Formal Solution of N-Type Taguchi Parameter Design Problems With Stochastic Noise Factors

The Taguchi method of product design is a statistical experimental technique aimed at reducing the variance of a product performance characteristic due to uncontrollable factors. The goal of this paper is to provide a monotonicity analysis based methodology to facilitate the solution of N-type parameter design problems. The obtained design is robust, i.e., the least sensitive to variations on uncontrollable factors (noise). The performance characteristic is unbiased in the sense that its expected value equals a target or specification. The proposed loss function is based on the absolute deviation of the characteristic with respect to the target, instead of the common square error approach. Conditions, like those imposed by monotonicity analysis, on the monotonic characteristics of the performance function are proven, despite the objective function is not monotonic and contains stochastic parameters.
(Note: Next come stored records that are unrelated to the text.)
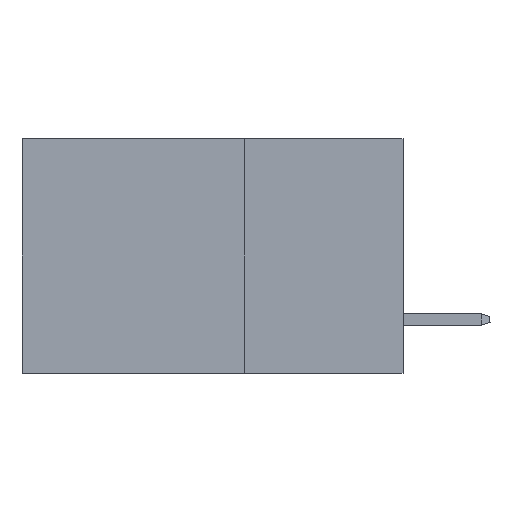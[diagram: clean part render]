
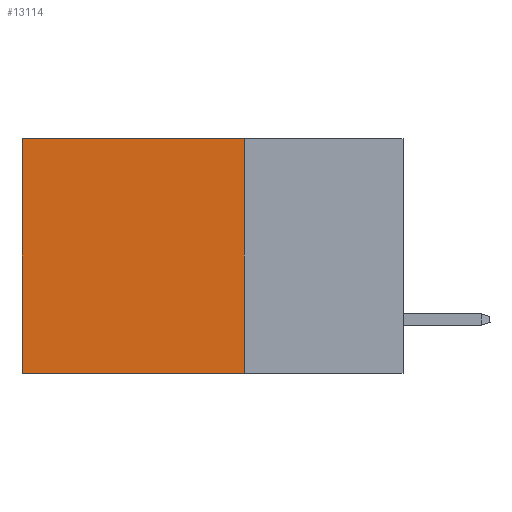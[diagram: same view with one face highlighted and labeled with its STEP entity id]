
A CAD part, left-side view. The second image highlights one B-rep face of the part: STEP entity #13114.
In plain terms, the highlighted planar face has unit normal (-1, 0, 0).
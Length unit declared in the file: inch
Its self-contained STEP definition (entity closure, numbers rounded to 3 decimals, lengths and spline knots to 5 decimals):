
#281 = EDGE_CURVE ( 'NONE', #8161, #18576, #7466, .T. ) ;
#1799 = CARTESIAN_POINT ( 'NONE',  ( 0.2875, 0.25, 0. ) ) ;
#2214 = EDGE_CURVE ( 'NONE', #22995, #3551, #21140, .T. ) ;
#2503 = CARTESIAN_POINT ( 'NONE',  ( 0.2875, 0.6, 0. ) ) ;
#2997 = EDGE_LOOP ( 'NONE', ( #9838, #13088, #6415, #18255 ) ) ;
#3185 = LINE ( 'NONE', #12892, #14481 ) ;
#3551 = VERTEX_POINT ( 'NONE', #19859 ) ;
#3918 = DIRECTION ( 'NONE',  ( 0., 1., 0. ) ) ;
#6327 = CARTESIAN_POINT ( 'NONE',  ( 0.2875, 0.6, 0. ) ) ;
#6415 = ORIENTED_EDGE ( 'NONE', *, *, #8126, .F. ) ;
#7466 = LINE ( 'NONE', #1799, #23262 ) ;
#8126 = EDGE_CURVE ( 'NONE', #8161, #22995, #3185, .T. ) ;
#8161 = VERTEX_POINT ( 'NONE', #15132 ) ;
#9838 = ORIENTED_EDGE ( 'NONE', *, *, #12506, .T. ) ;
#10534 = FACE_OUTER_BOUND ( 'NONE', #2997, .T. ) ;
#12418 = DIRECTION ( 'NONE',  ( 0., 0., -1. ) ) ;
#12506 = EDGE_CURVE ( 'NONE', #18576, #3551, #17708, .T. ) ;
#12892 = CARTESIAN_POINT ( 'NONE',  ( 0.2875, 0.25, 0. ) ) ;
#13088 = ORIENTED_EDGE ( 'NONE', *, *, #2214, .F. ) ;
#13114 = ADVANCED_FACE ( 'NONE', ( #10534 ), #18291, .F. ) ;
#13362 = CARTESIAN_POINT ( 'NONE',  ( 0.2875, 0.25, -0.37 ) ) ;
#14481 = VECTOR ( 'NONE', #20529, 39.37008 ) ;
#15132 = CARTESIAN_POINT ( 'NONE',  ( 0.2875, 0.25, 0. ) ) ;
#15911 = VECTOR ( 'NONE', #3918, 39.37008 ) ;
#16674 = CARTESIAN_POINT ( 'NONE',  ( 0.2875, 0.25, -0.37 ) ) ;
#17708 = LINE ( 'NONE', #2503, #18965 ) ;
#17952 = DIRECTION ( 'NONE',  ( 0., 0., -1. ) ) ;
#18255 = ORIENTED_EDGE ( 'NONE', *, *, #281, .T. ) ;
#18291 = PLANE ( 'NONE',  #18571 ) ;
#18571 = AXIS2_PLACEMENT_3D ( 'NONE', #22063, #24309, #12418 ) ;
#18576 = VERTEX_POINT ( 'NONE', #6327 ) ;
#18965 = VECTOR ( 'NONE', #17952, 39.37008 ) ;
#19859 = CARTESIAN_POINT ( 'NONE',  ( 0.2875, 0.6, -0.37 ) ) ;
#20529 = DIRECTION ( 'NONE',  ( 0., 0., -1. ) ) ;
#21140 = LINE ( 'NONE', #13362, #15911 ) ;
#22063 = CARTESIAN_POINT ( 'NONE',  ( 0.2875, 0.25, 0. ) ) ;
#22296 = DIRECTION ( 'NONE',  ( 0., 1., 0. ) ) ;
#22995 = VERTEX_POINT ( 'NONE', #16674 ) ;
#23262 = VECTOR ( 'NONE', #22296, 39.37008 ) ;
#24309 = DIRECTION ( 'NONE',  ( 1., 0., 0. ) ) ;
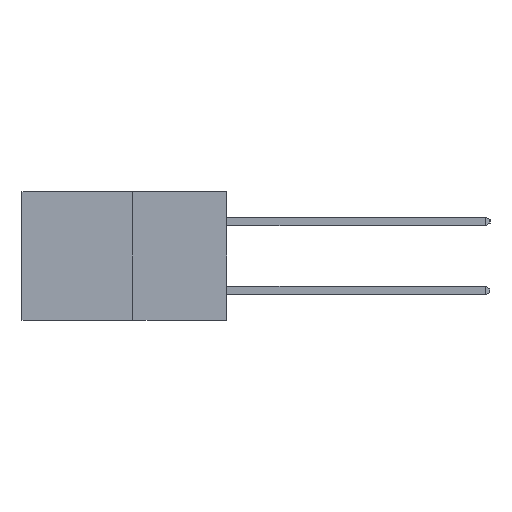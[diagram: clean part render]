
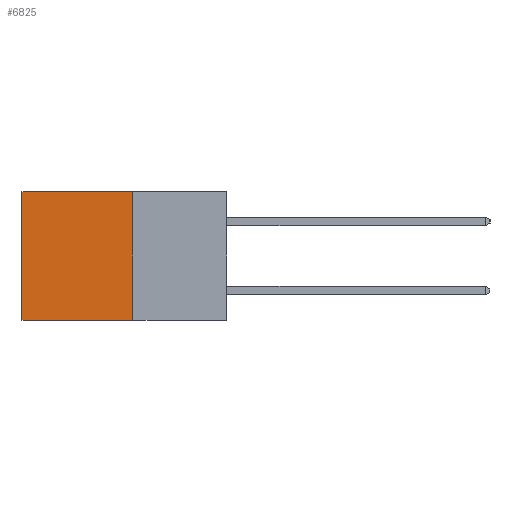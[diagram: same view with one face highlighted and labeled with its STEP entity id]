
A CAD part, left-side view. The second image highlights one B-rep face of the part: STEP entity #6825.
In plain terms, the highlighted planar face has unit normal (-1, 0, 0).
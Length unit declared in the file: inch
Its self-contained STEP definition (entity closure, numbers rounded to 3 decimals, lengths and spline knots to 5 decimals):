
#416 = DIRECTION ( 'NONE',  ( 0., 0., -1. ) ) ;
#569 = VECTOR ( 'NONE', #416, 39.37008 ) ;
#786 = ORIENTED_EDGE ( 'NONE', *, *, #5206, .T. ) ;
#916 = CARTESIAN_POINT ( 'NONE',  ( 0.277, 0.59, 0. ) ) ;
#1398 = VERTEX_POINT ( 'NONE', #5485 ) ;
#1598 = VECTOR ( 'NONE', #9127, 39.37008 ) ;
#1998 = LINE ( 'NONE', #2437, #10944 ) ;
#2204 = DIRECTION ( 'NONE',  ( 0., 1., 0. ) ) ;
#2437 = CARTESIAN_POINT ( 'NONE',  ( 0.277, 0.27, 0. ) ) ;
#2507 = DIRECTION ( 'NONE',  ( 0., 0., -1. ) ) ;
#2519 = DIRECTION ( 'NONE',  ( 1., 0., 0. ) ) ;
#2529 = PLANE ( 'NONE',  #3953 ) ;
#2538 = CARTESIAN_POINT ( 'NONE',  ( 0.277, 0.27, -0.37 ) ) ;
#2888 = ORIENTED_EDGE ( 'NONE', *, *, #8883, .T. ) ;
#3163 = CARTESIAN_POINT ( 'NONE',  ( 0.277, 0.59, -0.37 ) ) ;
#3779 = CARTESIAN_POINT ( 'NONE',  ( 0.277, 0.27, -0.37 ) ) ;
#3953 = AXIS2_PLACEMENT_3D ( 'NONE', #2538, #2519, #2507 ) ;
#4149 = ORIENTED_EDGE ( 'NONE', *, *, #7336, .F. ) ;
#4324 = LINE ( 'NONE', #5685, #1598 ) ;
#5206 = EDGE_CURVE ( 'NONE', #1398, #8632, #1998, .T. ) ;
#5485 = CARTESIAN_POINT ( 'NONE',  ( 0.277, 0.27, 0. ) ) ;
#5685 = CARTESIAN_POINT ( 'NONE',  ( 0.277, 0.59, -0.37 ) ) ;
#6700 = VERTEX_POINT ( 'NONE', #3163 ) ;
#6825 = ADVANCED_FACE ( 'NONE', ( #10793 ), #2529, .F. ) ;
#7336 = EDGE_CURVE ( 'NONE', #1398, #9811, #7734, .T. ) ;
#7734 = LINE ( 'NONE', #10943, #569 ) ;
#7762 = CARTESIAN_POINT ( 'NONE',  ( 0.277, 0.27, -0.37 ) ) ;
#8063 = ORIENTED_EDGE ( 'NONE', *, *, #10306, .F. ) ;
#8097 = LINE ( 'NONE', #7762, #10122 ) ;
#8632 = VERTEX_POINT ( 'NONE', #916 ) ;
#8643 = DIRECTION ( 'NONE',  ( 0., 1., 0. ) ) ;
#8883 = EDGE_CURVE ( 'NONE', #8632, #6700, #4324, .T. ) ;
#9127 = DIRECTION ( 'NONE',  ( 0., 0., -1. ) ) ;
#9811 = VERTEX_POINT ( 'NONE', #3779 ) ;
#10122 = VECTOR ( 'NONE', #8643, 39.37008 ) ;
#10306 = EDGE_CURVE ( 'NONE', #9811, #6700, #8097, .T. ) ;
#10793 = FACE_OUTER_BOUND ( 'NONE', #10847, .T. ) ;
#10847 = EDGE_LOOP ( 'NONE', ( #2888, #8063, #4149, #786 ) ) ;
#10943 = CARTESIAN_POINT ( 'NONE',  ( 0.277, 0.27, -0.37 ) ) ;
#10944 = VECTOR ( 'NONE', #2204, 39.37008 ) ;

These conditions allow the qualitative analysis of the problem to identify the activity of some constraints. Identification of active sets of constraints allows a problem reduction strategy to be employed, where the solution to the original problem is obtained by solving a set of problems with fewer degrees of freedom. Results for the case of one uncontrollable factor are independent of the probability measure on the factor. However, conclusions for the multi-parametric case must take into account the characteristics of the probability space on which the random parameters are defined.